Hi,just wondering if anyone can recomend a good maximuscle supplement for gaining muscle mass?

My mate asked me about the products but i havnt used them before.

Any one had good experience with any?

Thanks


----------



## bez_nahk (Jan 3, 2014)

Ive used maximuscle since day one and its doen great for me. I use others aswell but i always use maximuscle.

For gaining muscle mass id use promax extreme.


----------



## tahir (Feb 15, 2008)

hey mate, i just wanted to say theres alot more supplements like weight gainers, whey etc, from other companys which are affective, and will save u alot more money than maximuscle

last but not least the taste, maximuscle IMO tastes disgusting lol


----------



## nick500 (Dec 12, 2005)

Killer Bulk said:


> Ive used maximuscle since day one and its doen great for me.

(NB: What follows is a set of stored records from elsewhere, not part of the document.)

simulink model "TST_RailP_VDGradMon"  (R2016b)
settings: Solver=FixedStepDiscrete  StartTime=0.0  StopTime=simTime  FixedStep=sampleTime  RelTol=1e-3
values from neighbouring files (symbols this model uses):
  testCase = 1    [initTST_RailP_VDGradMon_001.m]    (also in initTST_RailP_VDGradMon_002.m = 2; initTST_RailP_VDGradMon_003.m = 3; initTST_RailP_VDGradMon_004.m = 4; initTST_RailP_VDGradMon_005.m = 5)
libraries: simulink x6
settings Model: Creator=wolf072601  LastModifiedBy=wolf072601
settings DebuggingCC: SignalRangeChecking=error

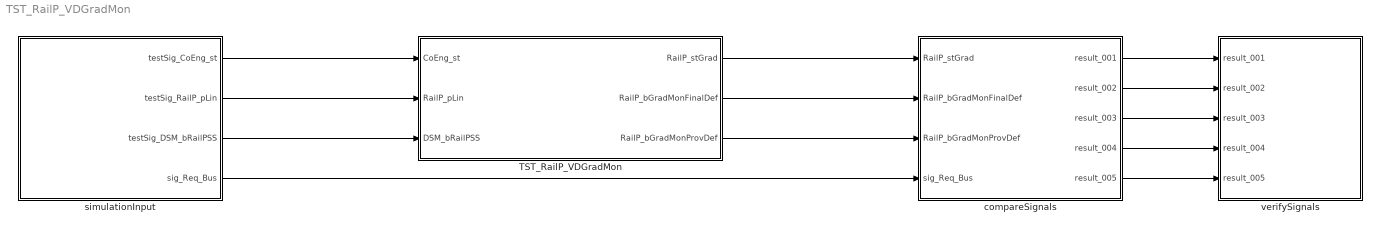
== system TST_RailP_VDGradMon ==
  TST_RailP_VDGradMon : Subsystem
  compareSignals : Subsystem
  simulationInput : Subsystem
  verifySignals : Subsystem
  wires:
  simulationInput/1(testSig_CoEng_st) -> TST_RailP_VDGradMon/1(CoEng_st)
  simulationInput/2(testSig_RailP_pLin) -> TST_RailP_VDGradMon/2(RailP_pLin)
  simulationInput/3(testSig_DSM_bRailPSS) -> TST_RailP_VDGradMon/3(DSM_bRailPSS)
  TST_RailP_VDGradMon/1(RailP_stGrad) -> compareSignals/1(RailP_stGrad)
  TST_RailP_VDGradMon/2(RailP_bGradMonFinalDef) -> compareSignals/2(RailP_bGradMonFinalDef)
  TST_RailP_VDGradMon/3(RailP_bGradMonProvDef) -> compareSignals/3(RailP_bGradMonProvDef)
  simulationInput/4(sig_Req_Bus) -> compareSignals/4(sig_Req_Bus)
  compareSignals/1(result_001) -> verifySignals/1(result_001)
  compareSignals/2(result_002) -> verifySignals/2(result_002)
  compareSignals/3(result_003) -> verifySignals/3(result_003)
  compareSignals/4(result_004) -> verifySignals/4(result_004)
  compareSignals/5(result_005) -> verifySignals/5(result_005)

== system TST_RailP_VDGradMon/TST_RailP_VDGradMon ==
  CoEng_st : Inport
  RailP_pLin : Inport  Port=2
  DSM_bRailPSS : Inport  Port=3
  Function_Call : simulink/Ports & Subsystems/Function-Call Generator  sample_time=sampleTime  numberOfIterations=1
  RailP_VDGradMon : ModelReference  ModelNameDialog=RailP_VDGradMon  ModelReferenceVersion=1.19  TriggerPortName=function  TriggerPortTriggerType=function-call  TriggerPortStatesWhenEnabling=held
  RailP_stGrad : Outport
  RailP_bGradMonFinalDef : Outport  Port=2
  RailP_bGradMonProvDef : Outport  Port=3
  wires:
  Function_Call/1 -> RailP_VDGradMon/Trigger
  CoEng_st/1 -> RailP_VDGradMon/1
  RailP_pLin/1 -> RailP_VDGradMon/2
  DSM_bRailPSS/1 -> RailP_VDGradMon/3
  RailP_VDGradMon/1 -> RailP_stGrad/1
  RailP_VDGradMon/2 -> RailP_bGradMonFinalDef/1
  RailP_VDGradMon/3 -> RailP_bGradMonProvDef/1

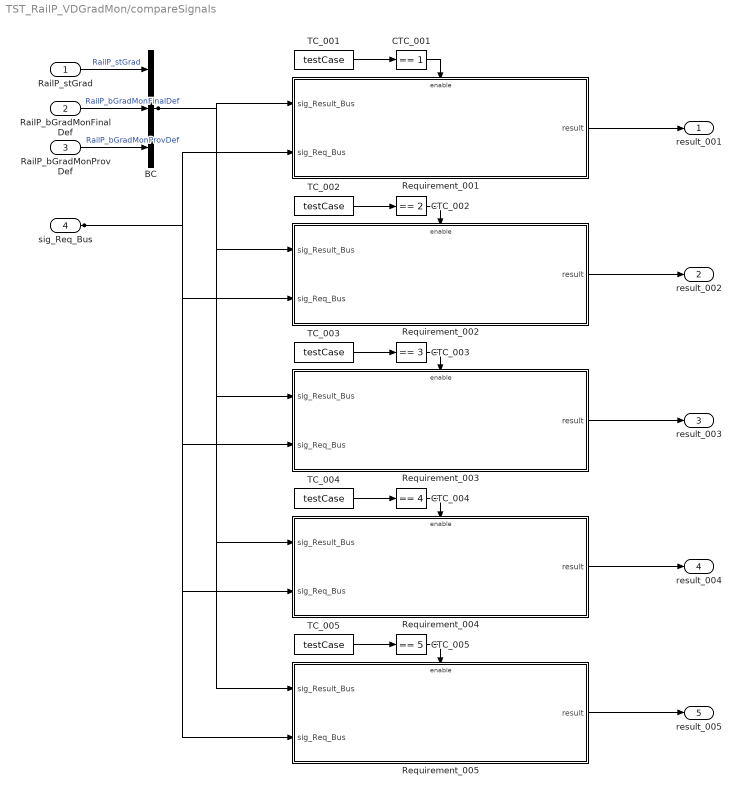
== system TST_RailP_VDGradMon/compareSignals ==
  RailP_stGrad : Inport
  RailP_bGradMonFinalDef : Inport  Port=2
  RailP_bGradMonProvDef : Inport  Port=3
  sig_Req_Bus : Inport  Port=4
  BC : BusCreator  Inputs=3
  CTC_001 : simulink/Logic and Bit Operations/Compare To Constant  relop===  const=1  OutDataTypeStr=boolean
  CTC_002 : simulink/Logic and Bit Operations/Compare To Constant  relop===  const=2  OutDataTypeStr=boolean
  CTC_003 : simulink/Logic and Bit Operations/Compare To Constant  relop===  const=3  OutDataTypeStr=boolean
  CTC_004 : simulink/Logic and Bit Operations/Compare To Constant  relop===  const=4  OutDataTypeStr=boolean
  CTC_005 : simulink/Logic and Bit Operations/Compare To Constant  relop===  const=5  OutDataTypeStr=boolean
  Requirement_001 : Subsystem
  Requirement_002 : Subsystem
  Requirement_003 : Subsystem
  Requirement_004 : Subsystem
  Requirement_005 : Subsystem
  TC_001 : Constant  Value=testCase
  TC_002 : Constant  Value=testCase
  TC_003 : Constant  Value=testCase
  TC_004 : Constant  Value=testCase
  TC_005 : Constant  Value=testCase
  result_001 : Outport
  result_002 : Outport  Port=2
  result_003 : Outport  Port=3
  result_004 : Outport  Port=4
  result_005 : Outport  Port=5
  wires:
  RailP_stGrad/1 -> BC/1  "RailP_stGrad"
  RailP_bGradMonFinalDef/1 -> BC/2  "RailP_bGradMonFinalDef"
  RailP_bGradMonProvDef/1 -> BC/3  "RailP_bGradMonProvDef"
  TC_001/1 -> CTC_001/1
  CTC_001/1 -> Requirement_001/Enable
  sig_Req_Bus/1 -> Requirement_001/2(sig_Req_Bus), Requirement_002/2(sig_Req_Bus), Requirement_003/2(sig_Req_Bus), Requirement_004/2(sig_Req_Bus), Requirement_005/2(sig_Req_Bus)
  BC/1 -> Requirement_001/1(sig_Result_Bus), Requirement_002/1(sig_Result_Bus), Requirement_003/1(sig_Result_Bus), Requirement_004/1(sig_Result_Bus), Requirement_005/1(sig_Result_Bus)
  Requirement_001/1(result) -> result_001/1
  TC_002/1 -> CTC_002/1
  CTC_002/1 -> Requirement_002/Enable
  Requirement_002/1(result) -> result_002/1
  TC_003/1 -> CTC_003/1
  CTC_003/1 -> Requirement_003/Enable
  Requirement_003/1(result) -> result_003/1
  TC_004/1 -> CTC_004/1
  CTC_004/1 -> Requirement_004/Enable
  Requirement_004/1(result) -> result_004/1
  TC_005/1 -> CTC_005/1
  CTC_005/1 -> Requirement_005/Enable
  Requirement_005/1(result) -> result_005/1

== system TST_RailP_VDGradMon/simulationInput ==
  BS : BusSelector  OutputSignals=testSig_CoEng_st,testSig_RailP_pLin,testSig_DSM_bRailPSS
  MPSw : MultiPortSwitch  Inputs=5  SaturateOnIntegerOverflow=on  InputSameDT=on
  TestCase : Constant  Value=testCase
  testSignals_R001 : Subsystem
  testSignals_R002 : Subsystem
  testSignals_R003 : Subsystem
  testSignals_R004 : Subsystem
  testSignals_R005 : Subsystem
  testSig_CoEng_st : Outport
  testSig_RailP_pLin : Outport  Port=2
  testSig_DSM_bRailPSS : Outport  Port=3
  sig_Req_Bus : Outport  Port=4
  wires:
  BS/1 -> testSig_CoEng_st/1  "<testSig_CoEng_st>"
  BS/2 -> testSig_RailP_pLin/1  "<testSig_RailP_pLin>"
  BS/3 -> testSig_DSM_bRailPSS/1  "<testSig_DSM_bRailPSS>"
  MPSw/1 -> BS/1, sig_Req_Bus/1
  TestCase/1 -> MPSw/1
  testSignals_R001/1(testSignals) -> MPSw/2
  testSignals_R002/1(testSignals) -> MPSw/3
  testSignals_R003/1(testSignals) -> MPSw/4
  testSignals_R004/1(testSignals) -> MPSw/5
  testSignals_R005/1(testSignals) -> MPSw/6

== system TST_RailP_VDGradMon/verifySignals ==
  result_001 : Inport
  result_002 : Inport  Port=2
  result_003 : Inport  Port=3
  result_004 : Inport  Port=4
  result_005 : Inport  Port=5
  Assertion_001 : Assertion  Enabled=off
  Assertion_002 : Assertion  Enabled=off
  Assertion_003 : Assertion  Enabled=off
  Assertion_004 : Assertion  Enabled=off
  Assertion_005 : Assertion  Enabled=off
  wires:
  result_001/1 -> Assertion_001/1
  result_002/1 -> Assertion_002/1
  result_003/1 -> Assertion_003/1
  result_004/1 -> Assertion_004/1
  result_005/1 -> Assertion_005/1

I use others aswell but i always use maximuscle.
> 
> For gaining muscle mass id use promax extreme.


my god... why would anybody choose maximuscle...

*if you have cash to chuck about then maximuscle is acceptable but is no better than alternatives and probably worse than the major brands like ON Gold Standard whey, and those are almost half the price !*


----------



## tahir (Feb 15, 2008)

[my god... why would anybody choose maximuscle...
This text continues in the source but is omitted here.